- **Work item**
Once the pictures are removed, restate the data below word for word.

[Opening Data provided section]

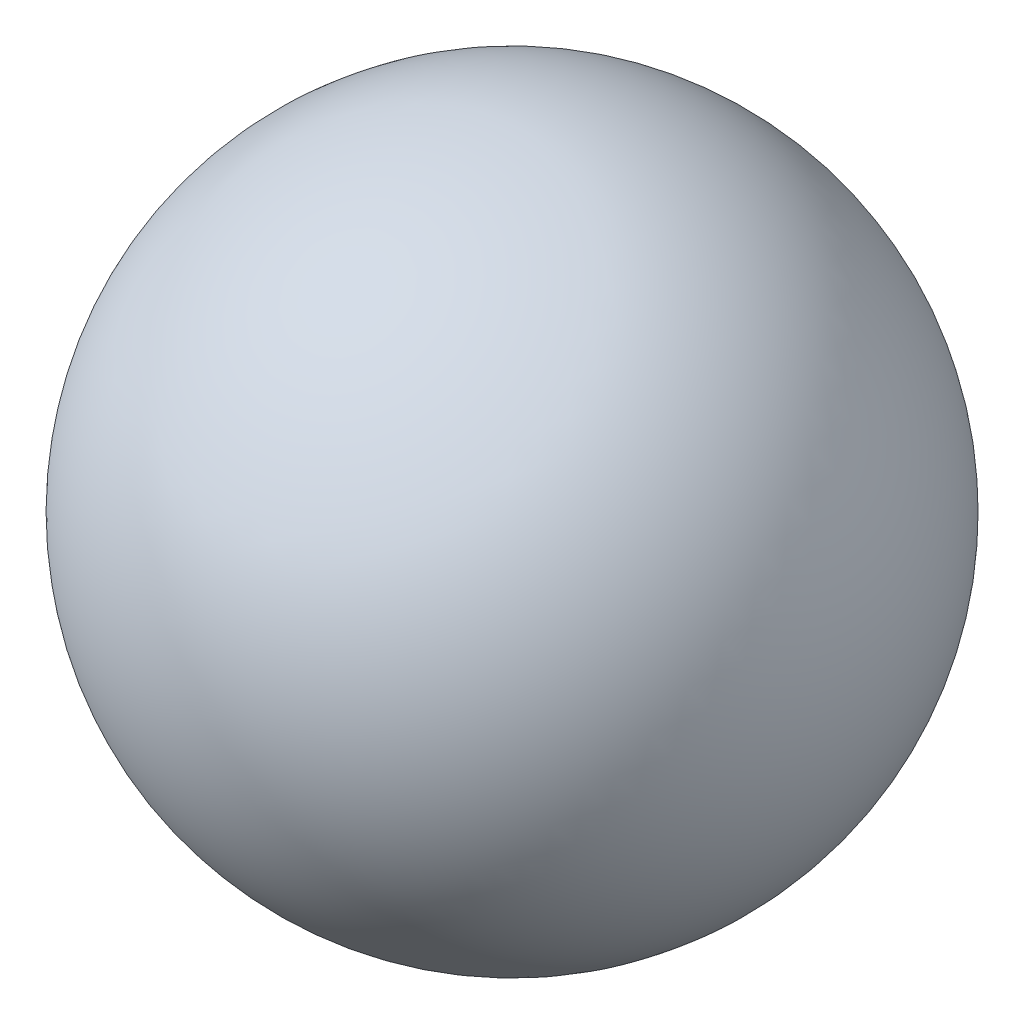
ISO-10303-21;
HEADER;
FILE_DESCRIPTION(('STEP AP214'),'2;1');
FILE_NAME('part.step','',(''),(''),'','','');
FILE_SCHEMA(('AUTOMOTIVE_DESIGN { 1 0 10303 214 1 1 1 1 }'));
ENDSEC;
DATA;
#1=APPLICATION_CONTEXT('core data for automotive mechanical design processes');
#2=APPLICATION_PROTOCOL_DEFINITION('international standard','automotive_design',2000,#1);
#3=PRODUCT_CONTEXT('',#1,'mechanical');
#4=PRODUCT('Part','Part','',(#3));
#5=PRODUCT_RELATED_PRODUCT_CATEGORY('part','',(#4));
#6=PRODUCT_DEFINITION_FORMATION('','',#4);
#7=PRODUCT_DEFINITION_CONTEXT('part definition',#1,'design');
#8=PRODUCT_DEFINITION('design','',#6,#7);
#9=PRODUCT_DEFINITION_SHAPE('','',#8);
#10=(LENGTH_UNIT() NAMED_UNIT(*) SI_UNIT(.MILLI.,.METRE.));
#11=(NAMED_UNIT(*) PLANE_ANGLE_UNIT() SI_UNIT($,.RADIAN.));
#12=(NAMED_UNIT(*) SI_UNIT($,.STERADIAN.) SOLID_ANGLE_UNIT());
#13=UNCERTAINTY_MEASURE_WITH_UNIT(LENGTH_MEASURE(1.E-05),#10,'distance_accuracy_value','');
#14=(GEOMETRIC_REPRESENTATION_CONTEXT(3) GLOBAL_UNCERTAINTY_ASSIGNED_CONTEXT((#13)) GLOBAL_UNIT_ASSIGNED_CONTEXT((#10,
#11,#12)) REPRESENTATION_CONTEXT('',''));
#15=CARTESIAN_POINT('',(0.,0.,0.));
#16=DIRECTION('',(0.,0.,1.));
#17=DIRECTION('',(1.,0.,0.));
#18=AXIS2_PLACEMENT_3D('',#15,#16,#17);
#19=CARTESIAN_POINT('',(-335.443342604409,59.2132480595915,0.));
#20=DIRECTION('',(0.454971346118987,-0.890506077582111,0.));
#21=DIRECTION('',(-0.890506077582111,-0.454971346118987,0.));
#22=AXIS2_PLACEMENT_3D('',#19,#20,#21);
#23=SPHERICAL_SURFACE('',#22,3.49999999999999);
#24=CARTESIAN_POINT('',(-333.850942892992,56.0964767880541,0.));
#25=VERTEX_POINT('',#24);
#26=VERTEX_LOOP('',#25);
#27=FACE_BOUND('',#26,.T.);
#28=ADVANCED_FACE('F30',(#27),#23,.T.);
#29=CLOSED_SHELL('',(#28));
#30=MANIFOLD_SOLID_BREP('B2',#29);
#31=ADVANCED_BREP_SHAPE_REPRESENTATION('',(#18,#30),#14);
#32=SHAPE_DEFINITION_REPRESENTATION(#9,#31);
ENDSEC;
END-ISO-10303-21;

[Closing Data provided section]

- **Your response**
ISO-10303-21;
HEADER;
FILE_DESCRIPTION(('STEP AP214'),'2;1');
FILE_NAME('part.step','',(''),(''),'','','');
FILE_SCHEMA(('AUTOMOTIVE_DESIGN { 1 0 10303 214 1 1 1 1 }'));
ENDSEC;
DATA;
#1=APPLICATION_CONTEXT('core data for automotive mechanical design processes');
#2=APPLICATION_PROTOCOL_DEFINITION('international standard','automotive_design',2000,#1);
#3=PRODUCT_CONTEXT('',#1,'mechanical');
#4=PRODUCT('Part','Part','',(#3));
#5=PRODUCT_RELATED_PRODUCT_CATEGORY('part','',(#4));
#6=PRODUCT_DEFINITION_FORMATION('','',#4);
#7=PRODUCT_DEFINITION_CONTEXT('part definition',#1,'design');
#8=PRODUCT_DEFINITION('design','',#6,#7);
#9=PRODUCT_DEFINITION_SHAPE('','',#8);
#10=(LENGTH_UNIT() NAMED_UNIT(*) SI_UNIT(.MILLI.,.METRE.));
#11=(NAMED_UNIT(*) PLANE_ANGLE_UNIT() SI_UNIT($,.RADIAN.));
#12=(NAMED_UNIT(*) SI_UNIT($,.STERADIAN.) SOLID_ANGLE_UNIT());
#13=UNCERTAINTY_MEASURE_WITH_UNIT(LENGTH_MEASURE(1.E-05),#10,'distance_accuracy_value','');
#14=(GEOMETRIC_REPRESENTATION_CONTEXT(3) GLOBAL_UNCERTAINTY_ASSIGNED_CONTEXT((#13)) GLOBAL_UNIT_ASSIGNED_CONTEXT((#10,
#11,#12)) REPRESENTATION_CONTEXT('',''));
#15=CARTESIAN_POINT('',(0.,0.,0.));
#16=DIRECTION('',(0.,0.,1.));
#17=DIRECTION('',(1.,0.,0.));
#18=AXIS2_PLACEMENT_3D('',#15,#16,#17);
#19=CARTESIAN_POINT('',(-335.443342604409,59.2132480595915,0.));
#20=DIRECTION('',(0.454971346118987,-0.890506077582111,0.));
#21=DIRECTION('',(-0.890506077582111,-0.454971346118987,0.));
#22=AXIS2_PLACEMENT_3D('',#19,#20,#21);
#23=SPHERICAL_SURFACE('',#22,3.49999999999999);
#24=CARTESIAN_POINT('',(-333.850942892992,56.0964767880541,0.));
#25=VERTEX_POINT('',#24);
#26=VERTEX_LOOP('',#25);
#27=FACE_BOUND('',#26,.T.);
#28=ADVANCED_FACE('F30',(#27),#23,.T.);
#29=CLOSED_SHELL('',(#28));
#30=MANIFOLD_SOLID_BREP('B2',#29);
#31=ADVANCED_BREP_SHAPE_REPRESENTATION('',(#18,#30),#14);
#32=SHAPE_DEFINITION_REPRESENTATION(#9,#31);
ENDSEC;
END-ISO-10303-21;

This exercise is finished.